Written on 28 juin 2022 · 6 mins, 6 secs


Une nouvelle année est synonyme de nouvelles occasions de réduire le gaspillage alimentaire dans votre cuisine, grâce à un cahier des charges bien conçu ! Grandes cuisines, grand impact ? Absolument ! Des milliers de repas sont servis chaque jour dans les hôpitaux, les maisons de repos et de soins, les écoles et les entreprises. Malheureusement, ceux-ci génèrent pas mal de gaspillage alimentaire…

Heureusement, les cuisines institutionnelles ont déjà compris qu’il existe des solutions. L’enquête menée par FoodWIN à la fin de l’année 2021 montre que la moitié des cuisines mesurent déjà leur gaspillage alimentaire. Pourquoi ? Pour avoir une idée des problèmes et des pertes au sein de leur organisation, pour y remédier et ainsi économiser de l’argent. Et aussi exercer un impact positif pour le climat, car diminuer le gaspillage alimentaire, c’est réduire les émissions de CO₂ !

Mais que faire si votre organisation a peu de contrôle sur la cuisine interne ? Comment prendre des accords avec l’entreprise de catering externe ? Dans ces situations, le cahier des charges offre une solution !

Éviter le gaspillage alimentaire grâce au cahier des charges

Les entreprises et les institutions publiques travaillent souvent avec des appels d’offres. D’aucuns y voient une charge administrative, mais cela ne doit pas nécessairement être le cas : saisissez votre chance en tant que donneur d’ordre et utilisez le cahier des charges comme un levier. Déterminez ce que vous attendez de votre équipe de cuisine ou de votre fournisseur en termes d’alimentation durable et de prévention du gaspillage alimentaire.

Toujours gagnant ?

Vous pouvez décider d’accorder plus de poids aux critères de durabilité qu’au prix. Suivez la cascade de la préservation de la valeur avec la prévention en premier lieu. Vous pouvez, par exemple, accorder plus de points au contractant présentant un plan clair de prévention du gaspillage alimentaire qu’à ceux qui se contentent de collecter les déchets organiques. Avec une mesure annuelle du gaspillage alimentaire, vous pourrez probablement marquer des points !

Et dans le cadre de l’évaluation du prix, accordez également de l’importance, outre le prix de revient d’un produit, d’un service ou d’un travail, au coût total du cycle de vie, à une politique d’achat stratégiquement bien pensée avec une analyse préalable des besoins, à la connaissance du marché et au dialogue avec le fournisseur.

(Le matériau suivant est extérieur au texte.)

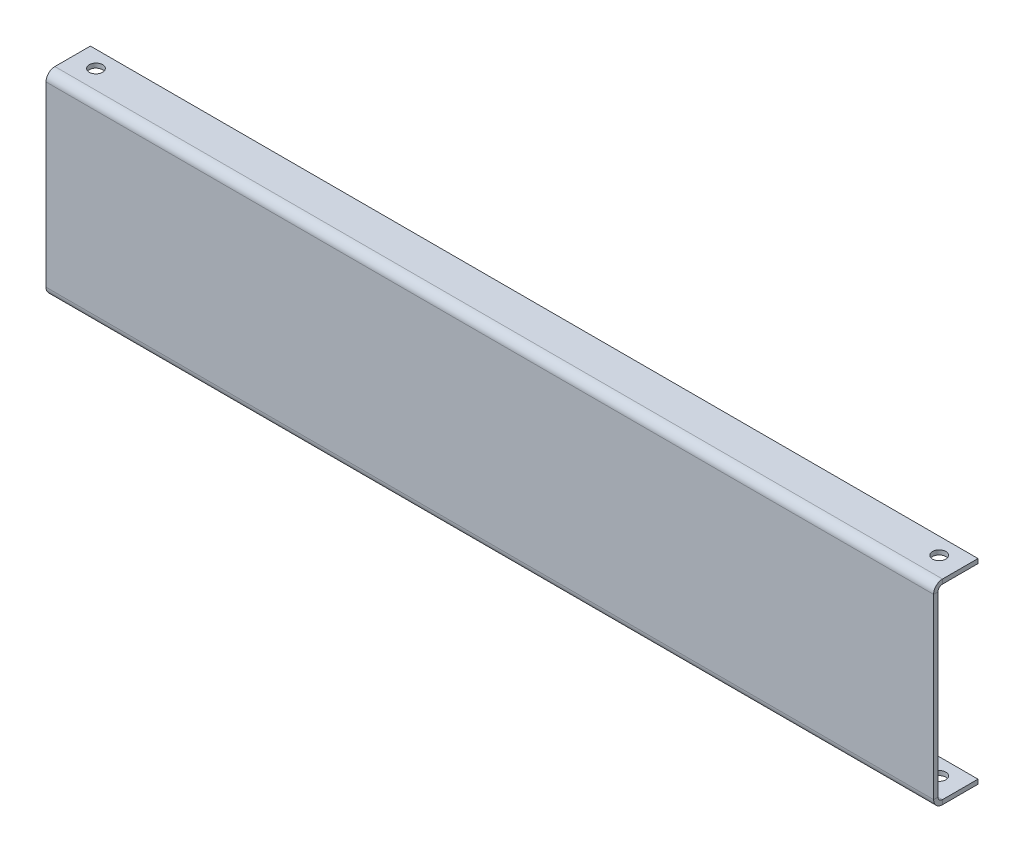
ISO-10303-21;
HEADER;
FILE_DESCRIPTION(('STEP AP214'),'2;1');
FILE_NAME('part.step','',(''),(''),'','','');
FILE_SCHEMA(('AUTOMOTIVE_DESIGN { 1 0 10303 214 1 1 1 1 }'));
ENDSEC;
DATA;
#1=APPLICATION_CONTEXT('core data for automotive mechanical design processes');
#2=APPLICATION_PROTOCOL_DEFINITION('international standard','automotive_design',2000,#1);
#3=PRODUCT_CONTEXT('',#1,'mechanical');
#4=PRODUCT('Part','Part','',(#3));
#5=PRODUCT_RELATED_PRODUCT_CATEGORY('part','',(#4));
#6=PRODUCT_DEFINITION_FORMATION('','',#4);
#7=PRODUCT_DEFINITION_CONTEXT('part definition',#1,'design');
#8=PRODUCT_DEFINITION('design','',#6,#7);
#9=PRODUCT_DEFINITION_SHAPE('','',#8);
#10=(LENGTH_UNIT() NAMED_UNIT(*) SI_UNIT(.MILLI.,.METRE.));
#11=(NAMED_UNIT(*) PLANE_ANGLE_UNIT() SI_UNIT($,.RADIAN.));
#12=(NAMED_UNIT(*) SI_UNIT($,.STERADIAN.) SOLID_ANGLE_UNIT());
#13=UNCERTAINTY_MEASURE_WITH_UNIT(LENGTH_MEASURE(1.E-05),#10,'distance_accuracy_value','');
#14=(GEOMETRIC_REPRESENTATION_CONTEXT(3) GLOBAL_UNCERTAINTY_ASSIGNED_CONTEXT((#13)) GLOBAL_UNIT_ASSIGNED_CONTEXT((#10,
#11,#12)) REPRESENTATION_CONTEXT('',''));
#15=CARTESIAN_POINT('',(0.,0.,0.));
#16=DIRECTION('',(0.,0.,1.));
#17=DIRECTION('',(1.,0.,0.));
#18=AXIS2_PLACEMENT_3D('',#15,#16,#17);
#19=CARTESIAN_POINT('',(400.,0.,16.));
#20=DIRECTION('',(1.,0.,0.));
#21=DIRECTION('',(0.,0.,-1.));
#22=AXIS2_PLACEMENT_3D('',#19,#20,#21);
#23=PLANE('',#22);
#24=DIRECTION('',(0.,-1.,0.));
#25=VECTOR('',#24,1.);
#26=CARTESIAN_POINT('',(400.,0.,16.));
#27=LINE('',#26,#25);
#28=CARTESIAN_POINT('',(400.,0.,16.));
#29=VERTEX_POINT('',#28);
#30=CARTESIAN_POINT('',(400.,-2.,16.));
#31=VERTEX_POINT('',#30);
#32=EDGE_CURVE('E11',#29,#31,#27,.T.);
#33=ORIENTED_EDGE('',*,*,#32,.F.);
#34=CARTESIAN_POINT('',(400.,-4.,16.));
#35=DIRECTION('',(-1.,0.,0.));
#36=DIRECTION('',(0.,0.,1.));
#37=AXIS2_PLACEMENT_3D('',#34,#35,#36);
#38=CIRCLE('',#37,4.);
#39=CARTESIAN_POINT('',(400.,-4.,20.));
#40=VERTEX_POINT('',#39);
#41=EDGE_CURVE('E149',#29,#40,#38,.F.);
#42=ORIENTED_EDGE('',*,*,#41,.T.);
#43=DIRECTION('',(0.,0.,1.));
#44=VECTOR('',#43,1.);
#45=CARTESIAN_POINT('',(400.,-4.,18.));
#46=LINE('',#45,#44);
#47=CARTESIAN_POINT('',(400.,-4.,18.));
#48=VERTEX_POINT('',#47);
#49=EDGE_CURVE('E47',#48,#40,#46,.T.);
#50=ORIENTED_EDGE('',*,*,#49,.F.);
#51=CARTESIAN_POINT('',(400.,-4.,16.));
#52=DIRECTION('',(1.,0.,0.));
#53=DIRECTION('',(0.,0.,-1.));
#54=AXIS2_PLACEMENT_3D('',#51,#52,#53);
#55=CIRCLE('',#54,2.);
#56=EDGE_CURVE('E244',#31,#48,#55,.T.);
#57=ORIENTED_EDGE('',*,*,#56,.F.);
#58=EDGE_LOOP('',(#33,#42,#50,#57));
#59=FACE_BOUND('',#58,.T.);
#60=ADVANCED_FACE('F39',(#59),#23,.T.);
#61=CARTESIAN_POINT('',(400.,-4.,18.));
#62=DIRECTION('',(1.,0.,0.));
#63=DIRECTION('',(0.,0.,-1.));
#64=AXIS2_PLACEMENT_3D('',#61,#62,#63);
#65=PLANE('',#64);
#66=DIRECTION('',(0.,0.,1.));
#67=VECTOR('',#66,1.);
#68=CARTESIAN_POINT('',(400.,0.,0.));
#69=LINE('',#68,#67);
#70=CARTESIAN_POINT('',(400.,0.,0.));
#71=VERTEX_POINT('',#70);
#72=EDGE_CURVE('E154',#71,#29,#69,.T.);
#73=ORIENTED_EDGE('',*,*,#72,.T.);
#74=ORIENTED_EDGE('',*,*,#32,.T.);
#75=DIRECTION('',(0.,0.,1.));
#76=VECTOR('',#75,1.);
#77=CARTESIAN_POINT('',(400.,-2.,0.));
#78=LINE('',#77,#76);
#79=CARTESIAN_POINT('',(400.,-2.,0.));
#80=VERTEX_POINT('',#79);
#81=EDGE_CURVE('E257',#80,#31,#78,.T.);
#82=ORIENTED_EDGE('',*,*,#81,.F.);
#83=DIRECTION('',(0.,-1.,0.));
#84=VECTOR('',#83,1.);
#85=CARTESIAN_POINT('',(400.,0.,0.));
#86=LINE('',#85,#84);
#87=EDGE_CURVE('E259',#71,#80,#86,.T.);
#88=ORIENTED_EDGE('',*,*,#87,.F.);
#89=EDGE_LOOP('',(#73,#74,#82,#88));
#90=FACE_BOUND('',#89,.T.);
#91=ADVANCED_FACE('F270',(#90),#65,.T.);
#92=CARTESIAN_POINT('',(0.,-4.,20.));
#93=DIRECTION('',(-1.,0.,0.));
#94=DIRECTION('',(0.,0.,1.));
#95=AXIS2_PLACEMENT_3D('',#92,#93,#94);
#96=PLANE('',#95);
#97=DIRECTION('',(0.,0.,-1.));
#98=VECTOR('',#97,1.);
#99=CARTESIAN_POINT('',(0.,-4.,20.));
#100=LINE('',#99,#98);
#101=CARTESIAN_POINT('',(0.,-4.,20.));
#102=VERTEX_POINT('',#101);
#103=CARTESIAN_POINT('',(0.,-4.,18.));
#104=VERTEX_POINT('',#103);
#105=EDGE_CURVE('E147',#102,#104,#100,.T.);
#106=ORIENTED_EDGE('',*,*,#105,.F.);
#107=CARTESIAN_POINT('',(0.,-4.,16.));
#108=DIRECTION('',(-1.,0.,0.));
#109=DIRECTION('',(0.,0.,1.));
#110=AXIS2_PLACEMENT_3D('',#107,#108,#109);
#111=CIRCLE('',#110,4.);
#112=CARTESIAN_POINT('',(0.,0.,16.));
#113=VERTEX_POINT('',#112);
#114=EDGE_CURVE('E161',#113,#102,#111,.F.);
#115=ORIENTED_EDGE('',*,*,#114,.F.);
#116=DIRECTION('',(0.,1.,0.));
#117=VECTOR('',#116,1.);
#118=CARTESIAN_POINT('',(0.,-2.,16.));
#119=LINE('',#118,#117);
#120=CARTESIAN_POINT('',(0.,-2.,16.));
#121=VERTEX_POINT('',#120);
#122=EDGE_CURVE('E235',#121,#113,#119,.T.);
#123=ORIENTED_EDGE('',*,*,#122,.F.);
#124=CARTESIAN_POINT('',(0.,-4.,16.));
#125=DIRECTION('',(1.,0.,0.));
#126=DIRECTION('',(0.,0.,-1.));
#127=AXIS2_PLACEMENT_3D('',#124,#125,#126);
#128=CIRCLE('',#127,2.);
#129=EDGE_CURVE('E189',#121,#104,#128,.T.);
#130=ORIENTED_EDGE('',*,*,#129,.T.);
#131=EDGE_LOOP('',(#106,#115,#123,#130));
#132=FACE_BOUND('',#131,.T.);
#133=ADVANCED_FACE('F249',(#132),#96,.T.);
#134=CARTESIAN_POINT('',(0.,-2.,16.));
#135=DIRECTION('',(-1.,0.,0.));
#136=DIRECTION('',(0.,0.,1.));
#137=AXIS2_PLACEMENT_3D('',#134,#135,#136);
#138=PLANE('',#137);
#139=DIRECTION('',(0.,-1.,0.));
#140=VECTOR('',#139,1.);
#141=CARTESIAN_POINT('',(0.,0.,20.));
#142=LINE('',#141,#140);
#143=CARTESIAN_POINT('',(0.,-84.1,20.));
#144=VERTEX_POINT('',#143);
#145=EDGE_CURVE('E202',#102,#144,#142,.T.);
#146=ORIENTED_EDGE('',*,*,#145,.F.);
#147=ORIENTED_EDGE('',*,*,#105,.T.);
#148=DIRECTION('',(0.,-1.,0.));
#149=VECTOR('',#148,1.);
#150=CARTESIAN_POINT('',(0.,0.,18.));
#151=LINE('',#150,#149);
#152=CARTESIAN_POINT('',(0.,-84.1,18.));
#153=VERTEX_POINT('',#152);
#154=EDGE_CURVE('E187',#104,#153,#151,.T.);
#155=ORIENTED_EDGE('',*,*,#154,.T.);
#156=DIRECTION('',(0.,0.,1.));
#157=VECTOR('',#156,1.);
#158=CARTESIAN_POINT('',(0.,-84.1,18.));
#159=LINE('',#158,#157);
#160=EDGE_CURVE('E96',#153,#144,#159,.T.);
#161=ORIENTED_EDGE('',*,*,#160,.T.);
#162=EDGE_LOOP('',(#146,#147,#155,#161));
#163=FACE_BOUND('',#162,.T.);
#164=ADVANCED_FACE('F237',(#163),#138,.T.);
#165=CARTESIAN_POINT('',(400.,-84.1,20.));
#166=DIRECTION('',(1.,0.,0.));
#167=DIRECTION('',(0.,0.,-1.));
#168=AXIS2_PLACEMENT_3D('',#165,#166,#167);
#169=PLANE('',#168);
#170=DIRECTION('',(0.,0.,-1.));
#171=VECTOR('',#170,1.);
#172=CARTESIAN_POINT('',(400.,-84.1,20.));
#173=LINE('',#172,#171);
#174=CARTESIAN_POINT('',(400.,-84.1,20.));
#175=VERTEX_POINT('',#174);
#176=CARTESIAN_POINT('',(400.,-84.1,18.));
#177=VERTEX_POINT('',#176);
#178=EDGE_CURVE('E233',#175,#177,#173,.T.);
#179=ORIENTED_EDGE('',*,*,#178,.F.);
#180=CARTESIAN_POINT('',(400.,-84.1,16.));
#181=DIRECTION('',(-1.,0.,0.));
#182=DIRECTION('',(0.,0.,1.));
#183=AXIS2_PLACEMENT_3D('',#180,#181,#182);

Rudderstove, l’organisation de services de repas du CPAS de Bruges, a déjà pris un bon départ dans ce domaine : « Le soumissionnaire inclut dans son offre une description des mesures qu’il prendra pour obtenir une préservation maximale de la valeur. Le don des excédents alimentaires à des causes sociales vient en deuxième position dans la hiérarchie. Le soumissionnaire joint à son offre une annexe complétée décrivant sa volonté de faire des dons et la fréquence de ceux-ci. »

Good Food, Bruxelles Environnement : « Nous savons par expérience qu’un contrat de catering sans contrôle ne donne que de mauvais résultats ».

Comment assurez-vous la conformité et le contrôle ? Décrivez toujours comment la vérification des critères doit être effectuée. Supposons qu’une mesure du gaspillage alimentaire soit obligatoire : vous pouvez alors facilement le vérifier en demandant les résultats de la mesure. Le donneur d’ordre peut même interdire certains repas en fonction de la mesure. Vous pouvez également vérifier un grand nombre d’exigences sur la base de fiches de recettes et de menus.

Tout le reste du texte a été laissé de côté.